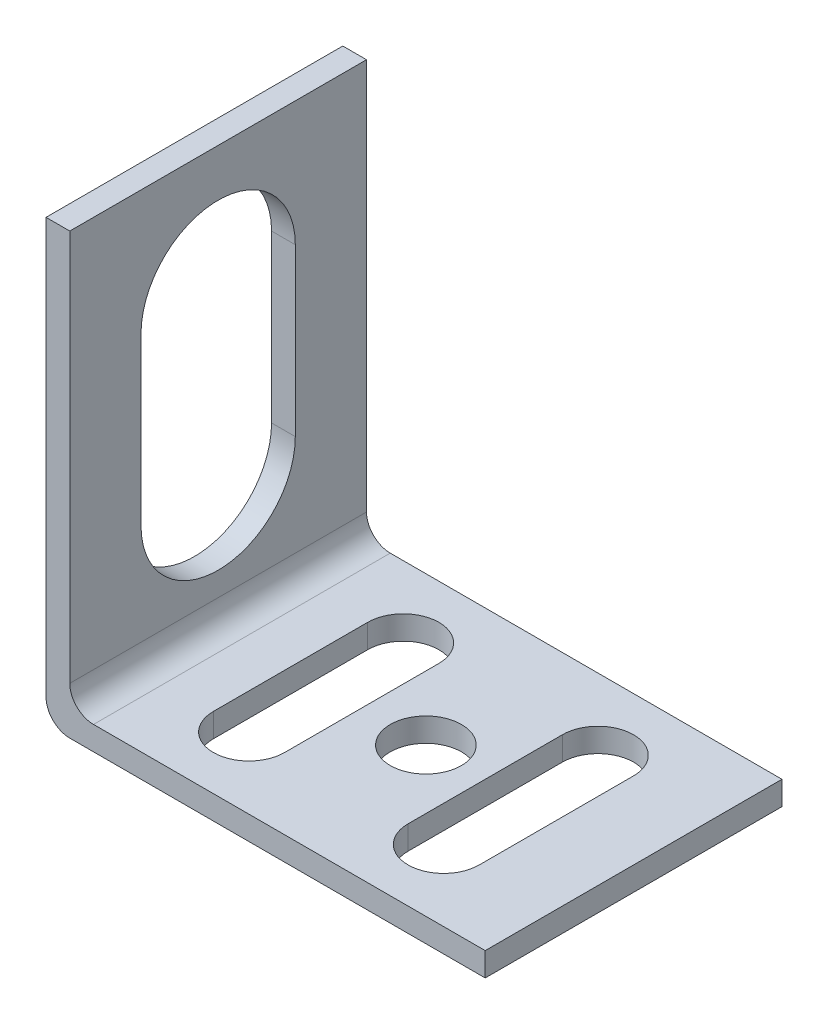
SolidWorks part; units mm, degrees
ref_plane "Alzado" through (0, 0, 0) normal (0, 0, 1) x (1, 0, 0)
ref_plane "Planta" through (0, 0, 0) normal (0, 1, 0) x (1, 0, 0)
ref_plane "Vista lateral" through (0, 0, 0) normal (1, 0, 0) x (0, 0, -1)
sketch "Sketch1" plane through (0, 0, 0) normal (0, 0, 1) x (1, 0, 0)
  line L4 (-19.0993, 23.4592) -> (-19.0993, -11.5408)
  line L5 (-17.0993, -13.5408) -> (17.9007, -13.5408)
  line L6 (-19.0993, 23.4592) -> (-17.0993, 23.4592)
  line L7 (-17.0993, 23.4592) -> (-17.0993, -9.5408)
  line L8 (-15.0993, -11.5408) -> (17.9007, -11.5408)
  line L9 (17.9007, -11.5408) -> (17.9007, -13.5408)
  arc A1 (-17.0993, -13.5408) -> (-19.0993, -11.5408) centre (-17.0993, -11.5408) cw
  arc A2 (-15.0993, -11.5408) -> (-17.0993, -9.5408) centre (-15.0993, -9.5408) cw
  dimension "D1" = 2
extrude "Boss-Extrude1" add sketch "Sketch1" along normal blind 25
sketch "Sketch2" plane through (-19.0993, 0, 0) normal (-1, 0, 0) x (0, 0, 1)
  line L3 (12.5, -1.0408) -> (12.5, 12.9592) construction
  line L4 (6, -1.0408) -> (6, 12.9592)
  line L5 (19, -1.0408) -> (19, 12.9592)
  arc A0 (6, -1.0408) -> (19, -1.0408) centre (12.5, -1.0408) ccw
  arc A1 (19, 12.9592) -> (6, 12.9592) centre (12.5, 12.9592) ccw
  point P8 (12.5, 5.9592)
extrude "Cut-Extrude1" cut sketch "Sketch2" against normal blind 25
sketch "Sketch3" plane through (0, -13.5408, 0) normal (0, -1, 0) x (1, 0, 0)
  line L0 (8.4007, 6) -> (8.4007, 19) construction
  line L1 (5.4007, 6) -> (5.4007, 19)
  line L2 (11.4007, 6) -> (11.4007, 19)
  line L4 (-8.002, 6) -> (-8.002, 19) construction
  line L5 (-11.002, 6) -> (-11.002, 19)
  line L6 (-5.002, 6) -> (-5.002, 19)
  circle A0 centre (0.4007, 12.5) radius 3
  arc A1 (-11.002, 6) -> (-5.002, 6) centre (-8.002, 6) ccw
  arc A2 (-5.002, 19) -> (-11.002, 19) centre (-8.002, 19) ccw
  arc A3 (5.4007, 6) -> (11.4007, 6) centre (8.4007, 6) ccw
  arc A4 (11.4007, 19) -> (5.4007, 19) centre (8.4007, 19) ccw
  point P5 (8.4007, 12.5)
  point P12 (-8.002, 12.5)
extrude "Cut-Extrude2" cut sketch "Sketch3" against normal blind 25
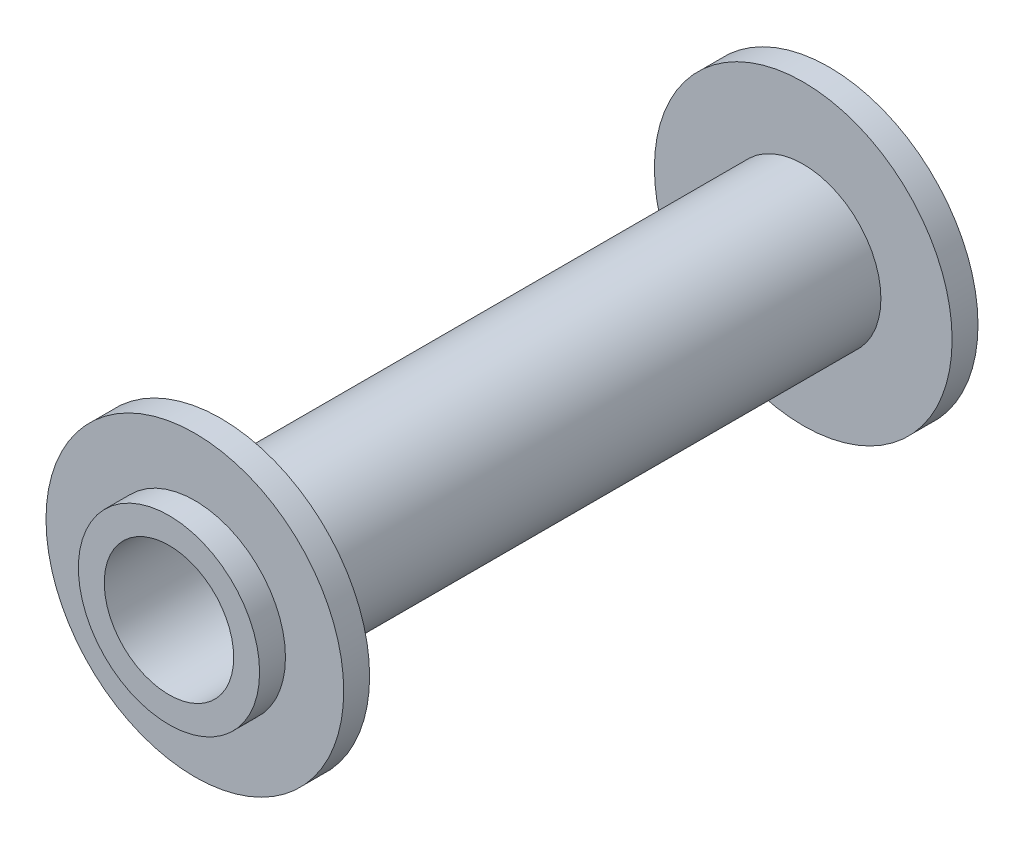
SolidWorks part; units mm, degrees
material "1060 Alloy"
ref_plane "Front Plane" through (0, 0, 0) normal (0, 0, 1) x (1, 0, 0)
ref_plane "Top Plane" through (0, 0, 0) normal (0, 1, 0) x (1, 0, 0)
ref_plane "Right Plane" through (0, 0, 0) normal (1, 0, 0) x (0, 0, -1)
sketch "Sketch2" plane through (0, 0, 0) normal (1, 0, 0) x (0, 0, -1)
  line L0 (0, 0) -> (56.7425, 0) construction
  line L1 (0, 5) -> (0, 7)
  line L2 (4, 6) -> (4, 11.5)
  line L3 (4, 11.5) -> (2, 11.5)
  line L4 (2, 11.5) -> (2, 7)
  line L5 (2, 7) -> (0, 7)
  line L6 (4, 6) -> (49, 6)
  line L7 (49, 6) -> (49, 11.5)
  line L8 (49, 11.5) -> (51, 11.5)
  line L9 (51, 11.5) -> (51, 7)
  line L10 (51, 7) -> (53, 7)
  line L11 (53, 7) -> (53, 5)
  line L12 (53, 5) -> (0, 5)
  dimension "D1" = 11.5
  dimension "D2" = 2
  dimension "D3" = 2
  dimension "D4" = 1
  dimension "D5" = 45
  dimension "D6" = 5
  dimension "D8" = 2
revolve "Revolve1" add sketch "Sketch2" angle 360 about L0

==========

» EXERCISE DESCRIPTION:
All lines that contain the word "blind" must be copied from the records above.

» ANSWER TO THIS EXERCISE:
extrude "Boss-Extrude1" add sketch "Sketch1" along normal blind 25
extrude "Cut-Extrude1" cut sketch "Sketch2" against normal blind 25
extrude "Cut-Extrude2" cut sketch "Sketch3" against normal blind 25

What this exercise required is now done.